Let's try these two problems again, except this time using the seventh bit for a sign bit, and allowing the use of 6 bits for representing the magnitude:

.         17₁₀ + 19₁₀                     (-17₁₀) + (-19₁₀) 
.
.          1  11                           11 1111
.         0010001                           1101111
.       + 0010011                         + 1101101
.       ---------                         ---------
.         0100100₂                         11011100₂
.                                          |
.                                  Discard extra bit
.
. ANSWERS:  0100100₂ = +36₁₀
.           1011100₂ = -36₁₀

By using bit fields sufficiently large to handle the magnitude of the sums, we arrive at the correct answers.

In these sample problems we've been able to detect overflow errors by performing the addition problems in decimal form and comparing the results with the binary answers. For example, when adding +17₁₀ and +19₁₀ together, we knew that the answer was supposed to be +36₁₀, so when the binary sum checked out to be -28₁₀, we knew that something had to be wrong. Although this is a valid way of detecting overflow, it is not very efficient. After all, the whole idea of complementation is to be able to reliably add binary numbers together and not have to double-check the result by adding the same numbers together in decimal form! This is especially true for the purpose of building electronic circuits to add binary quantities together: the circuit has to be able to check itself for overflow without the supervision of a human being who already knows what the correct answer is.

What we need is a simple error-detection method that doesn't require any additional arithmetic. Perhaps the most elegant solution is to check for the sign of the sum and compare it against the signs of the numbers added. Obviously, two positive numbers added together should give a positive result, and two negative numbers added together should give a negative result. Notice that whenever we had a condition of overflow in the example problems, the sign of the sum was always opposite of the two added numbers: +17₁₀ plus +19₁₀ giving -28₁₀, or -17₁₀ plus -19₁₀ giving +28₁₀. By checking the signs alone we are able to tell that something is wrong.

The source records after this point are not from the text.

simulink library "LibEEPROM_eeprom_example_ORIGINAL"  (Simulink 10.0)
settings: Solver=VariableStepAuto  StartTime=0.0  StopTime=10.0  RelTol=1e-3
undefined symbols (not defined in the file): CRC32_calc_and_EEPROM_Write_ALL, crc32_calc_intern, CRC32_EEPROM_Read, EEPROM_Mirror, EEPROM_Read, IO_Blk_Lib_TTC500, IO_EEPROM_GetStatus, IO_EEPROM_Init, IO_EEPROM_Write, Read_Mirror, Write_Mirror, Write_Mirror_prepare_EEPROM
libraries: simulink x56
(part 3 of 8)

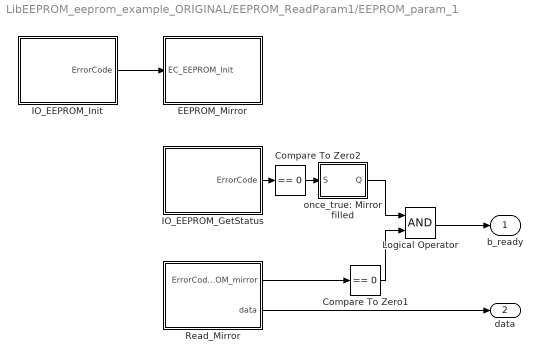
== system LibEEPROM_eeprom_example_ORIGINAL/EEPROM_ReadParam1/EEPROM_param_1 ==
  Compare To Zero1 : simulink/Logic and Bit Operations/Compare To Zero  relop===  OutDataTypeStr=boolean  ZeroCross=off
  Compare To Zero2 : simulink/Logic and Bit Operations/Compare To Zero  relop===  OutDataTypeStr=boolean  ZeroCross=off
  EEPROM_Mirror : Subsystem  LoadFcn=|  mask(EEPROM_Mirror_Code){SampleTime=-1, ttlib=IO_Blk_Lib_TTC500, ttDescription=EEPROM_Mirror, tt_iolib_version=0.21, offset=0, length=65536}
      | try
      | %
      | %Upgrade Information - standard BEGIN
      | new_color = 'blue';
      | new_ver = '0.21';
      | act_ver = get_param(gcb,'tt_iolib_version');
      | if not(strcmp(act_ver,new_ver))
      |     disp(['Upgrade block: ',gcb,char(10),'       Version: ',act_ver,' -> ',new_ver]);
      |     %switch - case for specific upgrade information e.g. additional parameter required 
      |     %Change appearance and version information
      |     set_param(gcb,'ForegroundColor',new_color);
      |     set_param(gcb,'tt_iolib_version',new_ver);
      | end
      | %Upgrade Information - standard END
      | catch
      | %Standard catch section BEGIN 
      | disp(' ');
      | disp('------------------------------------------------------------');
      | disp('An error occurred in a callback of the TTC580-BlockLib.');
      | disp(['Please check the parameters in the mask of ',gcb]);
      | disp('If you do not encounter any violations, then please '); 
      | disp('copy the following lines and report this to support@ttcontrol.com ');
      | disp('<< begin of error message dump >>');
      | disp(['Version of TTC580-BlockLib: ', get_param(gcb,'tt_iolib_version')]);
      | disp(get_param(gcb,'ttDescription'));
      | disp(gcb);
      | x=lasterror;disp(x.message);
      | disp(get_param(gcb,'MaskValues'));
      | disp(version);
      | disp(computer);
      | disp('<< end of error message dump >>');
      | disp('------------------------------------------------------------');
      | disp(' ');
      | %Standard catch section END
      | end
      mask help:
      | Read all data from the EEPROM and mirror this onto RAM.
      | The ErrorCode of IO_EEPROM_Init - block must be connected to the input of EEPROM_Mirror.
      | After calling EEPROM_Mirror the global variable EEPROM_mirror is filled and
      | the global variable ErrorCode_EEPROM_mirror contains the returns of IO_EEPROM_Init() and IO_EEPROM_Read().
      mask init:
      | %
      settings: CopyFcn=%deleted
      mask Help: web(which('IO_EEPROM.h'))
      mask Callback offset: %
      mask Callback length: %
  IO_EEPROM_GetStatus : Subsystem  LoadFcn=|  mask(IO_EEPROM_GetStatus_Code){SampleTime=-1, ttlib=IO_Blk_Lib_TTC500, ttDescription=IO_EEPROM_GetStatus, tt_iolib_version=0.19}
      | try
      | %
      | %Upgrade Information - standard BEGIN
      | new_color = 'blue';
      | new_ver = '0.19';
      | act_ver = get_param(gcb,'tt_iolib_version');
      | if not(strcmp(act_ver,new_ver))
      |     disp(['Upgrade block: ',gcb,char(10),'       Version: ',act_ver,' -> ',new_ver]);
      |     %switch - case for specific upgrade information e.g. additional parameter required 
      |     %Change appearance and version information
      |     set_param(gcb,'ForegroundColor',new_color);
      |     set_param(gcb,'tt_iolib_version',new_ver);
      | end
      | %Upgrade Information - standard END
      | catch
      | %Standard catch section BEGIN 
      | disp(' ');
      | disp('------------------------------------------------------------');
      | disp('An error occurred in a callback of the TTC580-BlockLib.');
      | disp(['Please check the parameters in the mask of ',gcb]);
      | disp('If you do not encounter any violations, then please '); 
      | disp('copy the following lines and report this to support@ttcontrol.com ');
      | disp('<< begin of error message dump >>');
      | disp(['Version of TTC580-BlockLib: ', get_param(gcb,'tt_iolib_version')]);
      | disp(get_param(gcb,'ttDescription'));
      | disp(gcb);
      | x=lasterror;disp(x.message);
      | disp(get_param(gcb,'MaskValues'));
      | disp(version);
      | disp(computer);
      | disp('<< end of error message dump >>');
      | disp('------------------------------------------------------------');
      | disp(' ');
      | %Standard catch section END
      | end
      mask help: Returns the status of the EEPROM driver.
      mask init:
      | %
      settings: CopyFcn=%deleted
      mask Help: web(which('IO_EEPROM.h'))
  IO_EEPROM_Init : Subsystem  LoadFcn=|  mask(IO_EEPROM_Init_Code){SampleTime=-1, ttlib=IO_Blk_Lib_TTC500, ttDescription=IO_EEPROM_Init, tt_iolib_version=0.19}
      | try
      | %
      | %Upgrade Information - standard BEGIN
      | new_color = 'blue';
      | new_ver = '0.19';
      | act_ver = get_param(gcb,'tt_iolib_version');
      | if not(strcmp(act_ver,new_ver))
      |     disp(['Upgrade block: ',gcb,char(10),'       Version: ',act_ver,' -> ',new_ver]);
      |     %switch - case for specific upgrade information e.g. additional parameter required 
      |     %Change appearance and version information
      |     set_param(gcb,'ForegroundColor',new_color);
      |     set_param(gcb,'tt_iolib_version',new_ver);
      | end
      | %Upgrade Information - standard END
      | catch
      | %Standard catch section BEGIN 
      | disp(' ');
      | disp('------------------------------------------------------------');
      | disp('An error occurred in a callback of the TTC580-BlockLib.');
      | disp(['Please check the parameters in the mask of ',gcb]);
      | disp('If you do not encounter any violations, then please '); 
      | disp('copy the following lines and report this to support@ttcontrol.com ');
      | disp('<< begin of error message dump >>');
      | disp(['Version of TTC580-BlockLib: ', get_param(gcb,'tt_iolib_version')]);
      | disp(get_param(gcb,'ttDescription'));
      | disp(gcb);
      | x=lasterror;disp(x.message);
      | disp(get_param(gcb,'MaskValues'));
      | disp(version);
      | disp(computer);
      | disp('<< end of error message dump >>');
      | disp('------------------------------------------------------------');
      | disp(' ');
      | %Standard catch section END
      | end
      mask help: Initialization of the EEPROM driver.
      mask init:
      | %
      settings: CopyFcn=%deleted
      mask Help: web(which('IO_EEPROM.h'))
  Logical Operator : Logic  AllPortsSameDT=off  OutDataTypeStr=boolean
  Read_Mirror : Subsystem  LoadFcn=|  mask(Read_Mirror_Code){SampleTime=-1, ttlib=IO_Blk_Lib_TTC500, ttDescription=Read_Mirror, tt_iolib_version=0.19, offset=offset, length=length}
      | try
      | %
      | %Upgrade Information - standard BEGIN
      | new_color = 'blue';
      | new_ver = '0.19';
      | act_ver = get_param(gcb,'tt_iolib_version');
      | if not(strcmp(act_ver,new_ver))
      |     disp(['Upgrade block: ',gcb,char(10),'       Version: ',act_ver,' -> ',new_ver]);
      |     %switch - case for specific upgrade information e.g. additional parameter required 
      |     %Change appearance and version information
      |     set_param(gcb,'ForegroundColor',new_color);
      |     set_param(gcb,'tt_iolib_version',new_ver);
      | end
      | %Upgrade Information - standard END
      | catch
      | %Standard catch section BEGIN 
      | disp(' ');
      | disp('------------------------------------------------------------');
      | disp('An error occurred in a callback of the TTC580-BlockLib.');
      | disp(['Please check the parameters in the mask of ',gcb]);
      | disp('If you do not encounter any violations, then please '); 
      | disp('copy the following lines and report this to support@ttcontrol.com ');
      | disp('<< begin of error message dump >>');
      | disp(['Version of TTC580-BlockLib: ', get_param(gcb,'tt_iolib_version')]);
      | disp(get_param(gcb,'ttDescription'));
      | disp(gcb);
      | x=lasterror;disp(x.message);
      | disp(get_param(gcb,'MaskValues'));
      | disp(version);
      | disp(computer);
      | disp('<< end of error message dump >>');
      | disp('------------------------------------------------------------');
      | disp(' ');
      | %Standard catch section END
      | end
      mask help:
      | Read data from the mirror of the EEPROM.
      | In case the given data section exceeds given EEPROM boundaries, IO_E_EEPROM_RANGE ErrorCode is returned.
      mask init:
      | %
      settings: CopyFcn=%deleted
      mask Help: web(which('~.h'))
      mask Callback offset: %
      mask Callback length: %
  once_true: Mirror filled : Subsystem  mask(SRFlipFlop){initial_condition=0}
      mask prompts: initial_condition "Initial condition (state of Q):"
      mask help: S-R Flip-Flop Block
      mask Help:
      | The S-R flip-flop also known as a set-reset flip-flop. This implementation
      | is modeled after an S-R flip-flop constructed using NOR gates. The
      | truth table for this block is:
      | <pre>
      |  S  R   Q  !Q
      |  ----------------
      |  1  0   1  0
      |  0  0   1  0  (after S == 1, R == 0)
      |  0  1   0  1
      |  0  0   0  1  (after S == 0, R == 1)
      |  1  1   0  0
      | </pre>
      | 
      | In an S-R flip-flop that is implemented with NOR gates, when a 1 is
      | applied to both the set and reset inputs, both outputs go to 0. Technically,
      | this state is undefined and is usually avoided. Note, if the flip-flop is
      | implemented with NAND gates, when a 0 is applied to both inputs, both outputs
      | go to 0 and when a 1 is applied to both inputs, the output depends on
      | the previous state of the flip-flop (previous value of Q).
  b_ready : Outport  VectorParamsAs1DForOutWhenUnconnected=off
  data : Outport  Port=2  OutDataTypeStr=EEPROM_type  VectorParamsAs1DForOutWhenUnconnected=off
  wires:
  once_true: Mirror filled/1(Q) -> Logical Operator/1
  Compare To Zero2/1 -> once_true: Mirror filled/1(S)
  Compare To Zero1/1 -> Logical Operator/2
  Logical Operator/1 -> b_ready/1
  IO_EEPROM_GetStatus/1(ErrorCode) -> Compare To Zero2/1
  IO_EEPROM_Init/1(ErrorCode) -> EEPROM_Mirror/1(EC_EEPROM_Init)
  Read_Mirror/1(ErrorCode_EEPROM_mirror) -> Compare To Zero1/1
  Read_Mirror/2(data) -> data/1

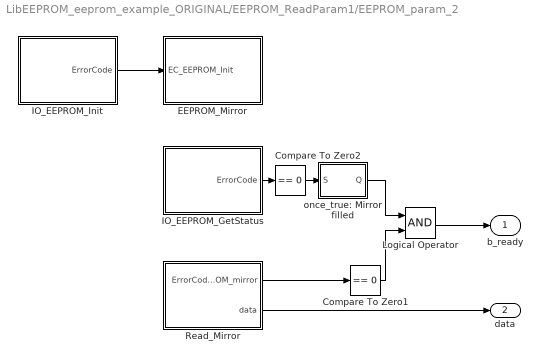
== system LibEEPROM_eeprom_example_ORIGINAL/EEPROM_ReadParam1/EEPROM_param_2 ==
  Compare To Zero1 : simulink/Logic and Bit Operations/Compare To Zero  relop===  OutDataTypeStr=boolean  ZeroCross=off
  Compare To Zero2 : simulink/Logic and Bit Operations/Compare To Zero  relop===  OutDataTypeStr=boolean  ZeroCross=off
  EEPROM_Mirror : Subsystem  LoadFcn=|  mask(EEPROM_Mirror_Code){SampleTime=-1, ttlib=IO_Blk_Lib_TTC500, ttDescription=EEPROM_Mirror, tt_iolib_version=0.21, offset=0, length=65536}
      | try
      | %
      | %Upgrade Information - standard BEGIN
      | new_color = 'blue';
      | new_ver = '0.21';
      | act_ver = get_param(gcb,'tt_iolib_version');
      | if not(strcmp(act_ver,new_ver))
      |     disp(['Upgrade block: ',gcb,char(10),'       Version: ',act_ver,' -> ',new_ver]);
      |     %switch - case for specific upgrade information e.g. additional parameter required 
      |     %Change appearance and version information
      |     set_param(gcb,'ForegroundColor',new_color);
      |     set_param(gcb,'tt_iolib_version',new_ver);
      | end
      | %Upgrade Information - standard END
      | catch
      | %Standard catch section BEGIN 
      | disp(' ');
      | disp('------------------------------------------------------------');
      | disp('An error occurred in a callback of the TTC580-BlockLib.');
      | disp(['Please check the parameters in the mask of ',gcb]);
      | disp('If you do not encounter any violations, then please '); 
      | disp('copy the following lines and report this to support@ttcontrol.com ');
      | disp('<< begin of error message dump >>');
      | disp(['Version of TTC580-BlockLib: ', get_param(gcb,'tt_iolib_version')]);
      | disp(get_param(gcb,'ttDescription'));
      | disp(gcb);
      | x=lasterror;disp(x.message);
      | disp(get_param(gcb,'MaskValues'));
      | disp(version);
      | disp(computer);
      | disp('<< end of error message dump >>');
      | disp('------------------------------------------------------------');
      | disp(' ');
      | %Standard catch section END
      | end
      mask help:
      | Read all data from the EEPROM and mirror this onto RAM.
      | The ErrorCode of IO_EEPROM_Init - block must be connected to the input of EEPROM_Mirror.
      | After calling EEPROM_Mirror the global variable EEPROM_mirror is filled and
      | the global variable ErrorCode_EEPROM_mirror contains the returns of IO_EEPROM_Init() and IO_EEPROM_Read().
      mask init:
      | %
      settings: CopyFcn=%deleted
      mask Help: web(which('IO_EEPROM.h'))
      mask Callback offset: %
      mask Callback length: %
  IO_EEPROM_GetStatus : Subsystem  LoadFcn=|  mask(IO_EEPROM_GetStatus_Code){SampleTime=-1, ttlib=IO_Blk_Lib_TTC500, ttDescription=IO_EEPROM_GetStatus, tt_iolib_version=0.19}
      | try
      | %
      | %Upgrade Information - standard BEGIN
      | new_color = 'blue';
      | new_ver = '0.19';
      | act_ver = get_param(gcb,'tt_iolib_version');
      | if not(strcmp(act_ver,new_ver))
      |     disp(['Upgrade block: ',gcb,char(10),'       Version: ',act_ver,' -> ',new_ver]);
      |     %switch - case for specific upgrade information e.g. additional parameter required 
      |     %Change appearance and version information
      |     set_param(gcb,'ForegroundColor',new_color);
      |     set_param(gcb,'tt_iolib_version',new_ver);
      | end
      | %Upgrade Information - standard END
      | catch
      | %Standard catch section BEGIN 
      | disp(' ');
      | disp('------------------------------------------------------------');
      | disp('An error occurred in a callback of the TTC580-BlockLib.');
      | disp(['Please check the parameters in the mask of ',gcb]);
      | disp('If you do not encounter any violations, then please '); 
      | disp('copy the following lines and report this to support@ttcontrol.com ');
      | disp('<< begin of error message dump >>');
      | disp(['Version of TTC580-BlockLib: ', get_param(gcb,'tt_iolib_version')]);
      | disp(get_param(gcb,'ttDescription'));
      | disp(gcb);
      | x=lasterror;disp(x.message);
      | disp(get_param(gcb,'MaskValues'));
      | disp(version);
      | disp(computer);
      | disp('<< end of error message dump >>');
      | disp('------------------------------------------------------------');
      | disp(' ');
      | %Standard catch section END
      | end
      mask help: Returns the status of the EEPROM driver.
      mask init:
      | %
      settings: CopyFcn=%deleted
      mask Help: web(which('IO_EEPROM.h'))
  IO_EEPROM_Init : Subsystem  LoadFcn=|  mask(IO_EEPROM_Init_Code){SampleTime=-1, ttlib=IO_Blk_Lib_TTC500, ttDescription=IO_EEPROM_Init, tt_iolib_version=0.19}
      | try
      | %
      | %Upgrade Information - standard BEGIN
      | new_color = 'blue';
      | new_ver = '0.19';
      | act_ver = get_param(gcb,'tt_iolib_version');
      | if not(strcmp(act_ver,new_ver))
      |     disp(['Upgrade block: ',gcb,char(10),'       Version: ',act_ver,' -> ',new_ver]);
      |     %switch - case for specific upgrade information e.g. additional parameter required 
      |     %Change appearance and version information
      |     set_param(gcb,'ForegroundColor',new_color);
      |     set_param(gcb,'tt_iolib_version',new_ver);
      | end
      | %Upgrade Information - standard END
      | catch
      | %Standard catch section BEGIN 
      | disp(' ');
      | disp('------------------------------------------------------------');
      | disp('An error occurred in a callback of the TTC580-BlockLib.');
      | disp(['Please check the parameters in the mask of ',gcb]);
      | disp('If you do not encounter any violations, then please '); 
      | disp('copy the following lines and report this to support@ttcontrol.com ');
      | disp('<< begin of error message dump >>');
      | disp(['Version of TTC580-BlockLib: ', get_param(gcb,'tt_iolib_version')]);
      | disp(get_param(gcb,'ttDescription'));
      | disp(gcb);
      | x=lasterror;disp(x.message);
      | disp(get_param(gcb,'MaskValues'));
      | disp(version);
      | disp(computer);
      | disp('<< end of error message dump >>');
      | disp('------------------------------------------------------------');
      | disp(' ');
      | %Standard catch section END
      | end
      mask help: Initialization of the EEPROM driver.
      mask init:
      | %
      settings: CopyFcn=%deleted
      mask Help: web(which('IO_EEPROM.h'))
  Logical Operator : Logic  AllPortsSameDT=off  OutDataTypeStr=boolean
  Read_Mirror : Subsystem  LoadFcn=|  mask(Read_Mirror_Code){SampleTime=-1, ttlib=IO_Blk_Lib_TTC500, ttDescription=Read_Mirror, tt_iolib_version=0.19, offset=offset, length=length}
      | try
      | %
      | %Upgrade Information - standard BEGIN
      | new_color = 'blue';
      | new_ver = '0.19';
      | act_ver = get_param(gcb,'tt_iolib_version');
      | if not(strcmp(act_ver,new_ver))
      |     disp(['Upgrade block: ',gcb,char(10),'       Version: ',act_ver,' -> ',new_ver]);
      |     %switch - case for specific upgrade information e.g. additional parameter required 
      |     %Change appearance and version information
      |     set_param(gcb,'ForegroundColor',new_color);
      |     set_param(gcb,'tt_iolib_version',new_ver);
      | end
      | %Upgrade Information - standard END
      | catch
      | %Standard catch section BEGIN 
      | disp(' ');
      | disp('------------------------------------------------------------');
      | disp('An error occurred in a callback of the TTC580-BlockLib.');
      | disp(['Please check the parameters in the mask of ',gcb]);
      | disp('If you do not encounter any violations, then please '); 
      | disp('copy the following lines and report this to support@ttcontrol.com ');
      | disp('<< begin of error message dump >>');
      | disp(['Version of TTC580-BlockLib: ', get_param(gcb,'tt_iolib_version')]);
      | disp(get_param(gcb,'ttDescription'));
      | disp(gcb);
      | x=lasterror;disp(x.message);
      | disp(get_param(gcb,'MaskValues'));
      | disp(version);
      | disp(computer);
      | disp('<< end of error message dump >>');
      | disp('------------------------------------------------------------');
      | disp(' ');
      | %Standard catch section END
      | end
      mask help:
      | Read data from the mirror of the EEPROM.
      | In case the given data section exceeds given EEPROM boundaries, IO_E_EEPROM_RANGE ErrorCode is returned.
      mask init:
      | %
      settings: CopyFcn=%deleted
      mask Help: web(which('~.h'))
      mask Callback offset: %
      mask Callback length: %
  once_true: Mirror filled : Subsystem  mask(SRFlipFlop){initial_condition=0}
      mask prompts: initial_condition "Initial condition (state of Q):"
      mask help: S-R Flip-Flop Block
      mask Help:
      | The S-R flip-flop also known as a set-reset flip-flop. This implementation
      | is modeled after an S-R flip-flop constructed using NOR gates. The
      | truth table for this block is:
      | <pre>
      |  S  R   Q  !Q
      |  ----------------
      |  1  0   1  0
      |  0  0   1  0  (after S == 1, R == 0)
      |  0  1   0  1
      |  0  0   0  1  (after S == 0, R == 1)
      |  1  1   0  0
      | </pre>
      | 
      | In an S-R flip-flop that is implemented with NOR gates, when a 1 is
      | applied to both the set and reset inputs, both outputs go to 0. Technically,
      | this state is undefined and is usually avoided. Note, if the flip-flop is
      | implemented with NAND gates, when a 0 is applied to both inputs, both outputs
      | go to 0 and when a 1 is applied to both inputs, the output depends on
      | the previous state of the flip-flop (previous value of Q).
  b_ready : Outport  VectorParamsAs1DForOutWhenUnconnected=off
  data : Outport  Port=2  OutDataTypeStr=EEPROM_type  VectorParamsAs1DForOutWhenUnconnected=off
  wires:
  once_true: Mirror filled/1(Q) -> Logical Operator/1
  Compare To Zero2/1 -> once_true: Mirror filled/1(S)
  Compare To Zero1/1 -> Logical Operator/2
  Logical Operator/1 -> b_ready/1
  IO_EEPROM_GetStatus/1(ErrorCode) -> Compare To Zero2/1
  IO_EEPROM_Init/1(ErrorCode) -> EEPROM_Mirror/1(EC_EEPROM_Init)
  Read_Mirror/1(ErrorCode_EEPROM_mirror) -> Compare To Zero1/1
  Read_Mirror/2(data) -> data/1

But what about cases where a positive number is added to a negative number? What sign should the sum be in order to be correct. Or, more precisely, what sign of sum would necessarily indicate an overflow error? The answer to this is equally elegant: there will never be an overflow error when two numbers of opposite signs are added together! The reason for this is apparent when the nature of overflow is considered. Overflow occurs when the magnitude of a number exceeds the range allowed by the size of the bit field. The sum of two identically-signed numbers may very well exceed the range of the bit field of those two numbers, and so in this case overflow is a possibility. However, if a positive number is added to a negative number, the sum will always be closer to zero than either of the two added numbers: its magnitude must be less than the magnitude of either original number, and so overflow is impossible.

Fortunately, this technique of overflow detection is easily implemented in electronic circuitry, and it is a standard feature in digital adder circuits: a subject for a later chapter.